为挖掘到具备多种植物促生功能的益生菌株，对盐碱土中苜蓿（Medicago sativa Linn.）的根内部、根际土及根周土的可培养细菌进行了分离和鉴定，对无机磷溶解能力、固氮能力和耐盐性均突出的优选根瘤菌菌株进行形态观察、系统分类学鉴定以及生理生化功能和植物促生能力分析。结果表明：共分离鉴定出215株细菌，其中，芽孢杆菌门（Bacillota）和假单胞菌门（Pseudomonadota）占比较高，分别为63.7%和31.6%。分离得到的6株根瘤菌属（Rhizobium）细菌均为斯凯尔涅维采根瘤菌（Rhizobium skierniewicense），其中4株来自根内部，2株来自根际土。优选菌株CNBG-PGPR-28具有一定的耐盐性，并具备自生固氮与无机磷溶解能力，还具有多种生理生化功能，能够代谢甘油、D-阿拉伯糖等37种可发酵糖类化合物，并具有碱性磷酸盐酶、酯酶等9种生物酶活性。促生实验结果显示：CNBG-PGPR-28对盐碱土中的苜蓿（宿主）及栽培土中的生菜（Lactuca sativa var. ramosa Hort.）（非宿主）均具有促生作用，且对生菜的促生作用极显著（P＜0.01）。综上所述，盐碱土中苜蓿的根系微环境细菌种类丰富，芽孢杆菌门为绝对优势菌群；斯凯尔涅维采根瘤菌与苜蓿呈现内共生关系，其中，CNBG-PGPR-28不仅对盐碱土中的苜蓿具有促生能力，更是具备广谱应用潜力的多功能促生菌株。

To screen plant-beneficial strains with multiple growth-promoting functions, the culturable bacteria from the root interior, rhizosphere soil, and bulk soil of Medicago sativa Linn. in saline-alkali soil were isolated and identified, and morphological observation, systematic taxonomic identification, and analyses of physiological and biochemical functions and plant growth-promoting abilities were conducted for the superior rhizobial strain, which exhibited outstanding inorganic phosphorus solubilization capacity, nitrogen fixation capacity, and salt tolerance. The results show that a total of 215 bacterial strains are isolated and identified, among which, the proportions of Bacillota and Pseudomonadota are relatively high, accounting for 63.7% and 31.6%, respectively. The six bacterial strains belonging to Rhizobium are isolated, and all of them are identified as Rhizobium skierniewicense, among which four strains originate from the root interior and two strains originate from the rhizosphere soil. Superior strain CNBG-PGPR-28 exhibits a certain degree of salt tolerance, and possesses free-living nitrogen fixation and inorganic phosphorus solubilization capacities.

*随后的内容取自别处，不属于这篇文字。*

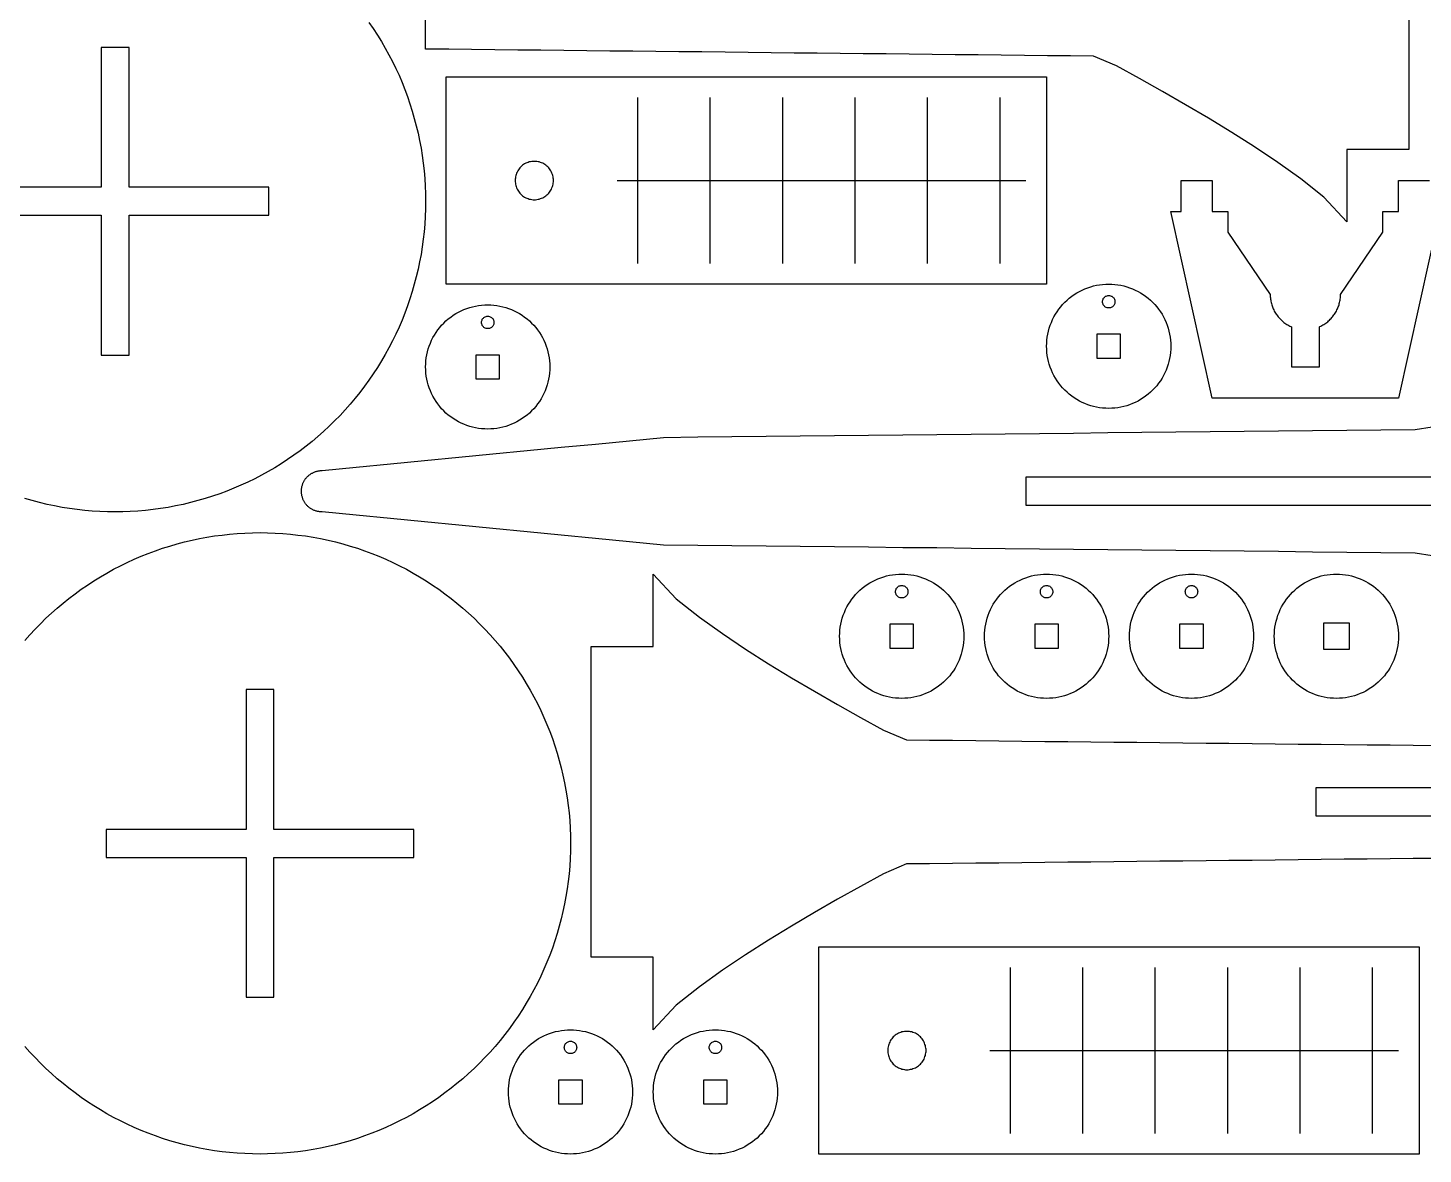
# Model space of a CAD drawing. Header units: millimetres. Extents: x 5 to 513, y 5 to 395.
# Drawn here: x 208.6 to 343.4, y 5 to 113.7 of the extents above; entities that cross this region are included whole.
import ezdxf

# ---------------------------------------------------------------- set-up
doc = ezdxf.new("R2010")
doc.units = ezdxf.units.MM
doc.layers.add('CUT', color=1, linetype='Continuous')
doc.layers.add('ENGRAVE', color=5, linetype='Continuous')

msp = doc.modelspace()

# ---------------------------------------------------------------- linework, layer by layer
at = {"layer": 'CUT'}
for points in [[(342, 132), (342, 102), (336, 102), (336, 95), (333.78, 97.39), (331.55, 99.16), (329.33, 100.75), (327.1, 102.24), (324.88, 103.65), (322.65, 105.01), (320.43, 106.32), (318.2, 107.6), (315.98, 108.84), (313.75, 110.06), (311.53, 111.01), (309.3, 111.03), (307.08, 111.05), (304.85, 111.08), (302.62, 111.1), (300.4, 111.12), (298.18, 111.15), (295.95, 111.17), (293.73, 111.19), (291.5, 111.22), (289.28, 111.24), (287.05, 111.27), (284.83, 111.29), (282.6, 111.31), (280.38, 111.34), (278.15, 111.36), (275.93, 111.38), (273.7, 111.41), (271.48, 111.43), (269.25, 111.46), (267.03, 111.48), (264.8, 111.5), (262.58, 111.53), (260.35, 111.55), (258.12, 111.57), (255.9, 111.6), (253.68, 111.62), (251.45, 111.65), (249.23, 111.67), (247, 111.69), (247, 115.65)], [(241.53, 114.27), (241.94, 113.67), (242.35, 113.05), (242.73, 112.42), (243.1, 111.79), (243.46, 111.14), (243.8, 110.49), (244.12, 109.83), (244.43, 109.16), (244.72, 108.48), (244.99, 107.8), (245.25, 107.11), (245.49, 106.41), (245.71, 105.71), (245.91, 105), (246.1, 104.29), (246.27, 103.57), (246.42, 102.85), (246.56, 102.13), (246.68, 101.4), (246.77, 100.67), (246.86, 99.94), (246.92, 99.21), (246.96, 98.47), (246.99, 97.74), (247, 97), (246.99, 96.26), (246.96, 95.53), (246.92, 94.79), (246.86, 94.06), (246.77, 93.33), (246.68, 92.6), (246.56, 91.87), (246.42, 91.15), (246.27, 90.43), (246.1, 89.71), (245.91, 89), (245.71, 88.29), (245.49, 87.59), (245.25, 86.89), (244.99, 86.2), (244.72, 85.52), (244.43, 84.84), (244.12, 84.17), (243.8, 83.51), (243.46, 82.86), (243.1, 82.21), (242.73, 81.58), (242.35, 80.95), (241.94, 80.33), (241.53, 79.73), (241.1, 79.13), (240.65, 78.54), (240.19, 77.97), (239.72, 77.4), (239.23, 76.85), (238.73, 76.31), (238.21, 75.79), (237.69, 75.27), (237.15, 74.77), (236.6, 74.28), (236.03, 73.81), (235.46, 73.35), (234.87, 72.9), (234.27, 72.47), (233.67, 72.06), (233.05, 71.65), (232.42, 71.27), (231.79, 70.9), (231.14, 70.54), (230.49, 70.2), (229.83, 69.88), (229.16, 69.57), (228.48, 69.28), (227.8, 69.01), (227.11, 68.75), (226.41, 68.51), (225.71, 68.29), (225, 68.09), (224.29, 67.9), (223.57, 67.73), (222.85, 67.58), (222.13, 67.44), (221.4, 67.32), (220.67, 67.23), (219.94, 67.14), (219.21, 67.08), (218.47, 67.04), (217.74, 67.01), (217, 67), (216.26, 67.01), (215.53, 67.04), (214.79, 67.08), (214.06, 67.14), (213.33, 67.23), (212.6, 67.32), (211.87, 67.44), (211.15, 67.58), (210.43, 67.73), (209.71, 67.9), (209, 68.09), (208.29, 68.29)], [(345, 96), (341, 78), (323, 78), (319, 96), (320, 96), (320, 99), (323, 99), (323, 96), (324.5, 96), (324.5, 94), (328.6, 88), (328.6, 87.89), (328.61, 87.78), (328.62, 87.67), (328.63, 87.56), (328.65, 87.45), (328.67, 87.34), (328.69, 87.23), (328.72, 87.12), (328.75, 87.01), (328.78, 86.91), (328.82, 86.8), (328.86, 86.7), (328.9, 86.6), (328.95, 86.5), (329, 86.4), (329.06, 86.3), (329.11, 86.2), (329.17, 86.11), (329.24, 86.02), (329.3, 85.93), (329.37, 85.84), (329.44, 85.76), (329.52, 85.68), (329.6, 85.6), (329.68, 85.52), (329.76, 85.44), (329.84, 85.37), (329.93, 85.3), (330.02, 85.24), (330.11, 85.17), (330.2, 85.11), (330.3, 85.06), (330.4, 85), (330.5, 84.95), (330.6, 84.9), (330.65, 84.88), (330.65, 81), (333.35, 81), (333.35, 84.88), (333.4, 84.9), (333.5, 84.95), (333.6, 85), (333.7, 85.06), (333.8, 85.11), (333.89, 85.17), (333.98, 85.24), (334.07, 85.3), (334.16, 85.37), (334.24, 85.44), (334.32, 85.52), (334.4, 85.6), (334.48, 85.68), (334.56, 85.76), (334.63, 85.84), (334.7, 85.93), (334.76, 86.02), (334.83, 86.11), (334.89, 86.2), (334.94, 86.3), (335, 86.4), (335.05, 86.5), (335.1, 86.6), (335.14, 86.7), (335.18, 86.8), (335.22, 86.91), (335.25, 87.01), (335.28, 87.12), (335.31, 87.23), (335.33, 87.34), (335.35, 87.45), (335.37, 87.56), (335.38, 87.67), (335.39, 87.78), (335.4, 87.89), (335.4, 88), (339.5, 94), (339.5, 96), (341, 96), (341, 99), (344, 99)], [(345.9, 62.52), (342.6, 63.03), (339.3, 63.06), (336, 63.1), (332.7, 63.13), (329.4, 63.17), (326.1, 63.2), (322.8, 63.24), (319.5, 63.27), (316.2, 63.31), (312.9, 63.34), (309.6, 63.38), (306.3, 63.41), (303, 63.45), (299.7, 63.48), (296.4, 63.52), (293.1, 63.55), (289.8, 63.59), (286.5, 63.62), (283.2, 63.66), (279.9, 63.69), (276.6, 63.73), (273.3, 63.76), (270, 63.8), (266.7, 64.12), (263.4, 64.44), (260.1, 64.76), (256.8, 65.08), (253.5, 65.4), (250.2, 65.72), (246.9, 66.04), (243.6, 66.36), (240.3, 66.68), (237, 67), (236.93, 67), (236.87, 67), (236.8, 67.01), (236.74, 67.02), (236.67, 67.03), (236.61, 67.04), (236.55, 67.05), (236.48, 67.07), (236.42, 67.09), (236.36, 67.11), (236.3, 67.13), (236.23, 67.15), (236.17, 67.18), (236.12, 67.21), (236.06, 67.24), (236, 67.27), (235.94, 67.3), (235.89, 67.34), (235.84, 67.37), (235.78, 67.41), (235.73, 67.45), (235.68, 67.5), (235.63, 67.54), (235.59, 67.59), (235.54, 67.63), (235.5, 67.68), (235.45, 67.73), (235.41, 67.78), (235.37, 67.84), (235.34, 67.89), (235.3, 67.94), (235.27, 68), (235.24, 68.06), (235.21, 68.12), (235.18, 68.17), (235.15, 68.23), (235.13, 68.3), (235.11, 68.36), (235.09, 68.42), (235.07, 68.48), (235.05, 68.55), (235.04, 68.61), (235.03, 68.67), (235.02, 68.74), (235.01, 68.8), (235, 68.87), (235, 68.93), (235, 69), (235, 69.07), (235, 69.13), (235.01, 69.2), (235.02, 69.26), (235.03, 69.33), (235.04, 69.39), (235.05, 69.45), (235.07, 69.52), (235.09, 69.58), (235.11, 69.64), (235.13, 69.7), (235.15, 69.77), (235.18, 69.83), (235.21, 69.88), (235.24, 69.94), (235.27, 70), (235.3, 70.06), (235.34, 70.11), (235.37, 70.16), (235.41, 70.22), (235.45, 70.27), (235.5, 70.32), (235.54, 70.37), (235.59, 70.41), (235.63, 70.46), (235.68, 70.5), (235.73, 70.55), (235.78, 70.59), (235.84, 70.63), (235.89, 70.66), (235.94, 70.7), (236, 70.73), (236.06, 70.76), (236.12, 70.79), (236.17, 70.82), (236.23, 70.85), (236.3, 70.87), (236.36, 70.89), (236.42, 70.91), (236.48, 70.93), (236.55, 70.95), (236.61, 70.96), (236.67, 70.97), (236.74, 70.98), (236.8, 70.99), (236.87, 71), (236.93, 71), (237, 71), (240.3, 71.32), (243.6, 71.64), (246.9, 71.96), (250.2, 72.28), (253.5, 72.6), (256.8, 72.92), (260.1, 73.24), (263.4, 73.56), (266.7, 73.88), (270, 74.2), (273.3, 74.24), (276.6, 74.27), (279.9, 74.31), (283.2, 74.34), (286.5, 74.38), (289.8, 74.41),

It also demonstrates multiple physiological and biochemical functions, capable of metabolizing 37 fermentable carbohydrates such as glycerol and D-arabinose and exhibiting 9 enzyme activities such as alkaline phosphatase and esterase. The growth promotion experiments indicate that CNBG-PGPR-28 exhibits growth-promoting effects on M. sativa (host) in saline-alkali soil and Lactuca sativa var. ramosa Hort. (non-host) in cultivated soil, and has a extremely significant (P<0.01) growth-promoting effect on L. sativa var. ramosa. In conclusion, the bacterial species in the root microenvironment of M. sativa in saline-alkali soil are abundant, and Bacillota is the absolutely dominant phylum; R. skierniewicense exhibits an endosymbiotic relationship with M. sativa, among which, CNBG-PGPR-28 not only possesses growth-promoting capacity on M. sativa in salinealkali soil, but also represents a multifunctional growth-promoting strain with broad-spectrum application potential.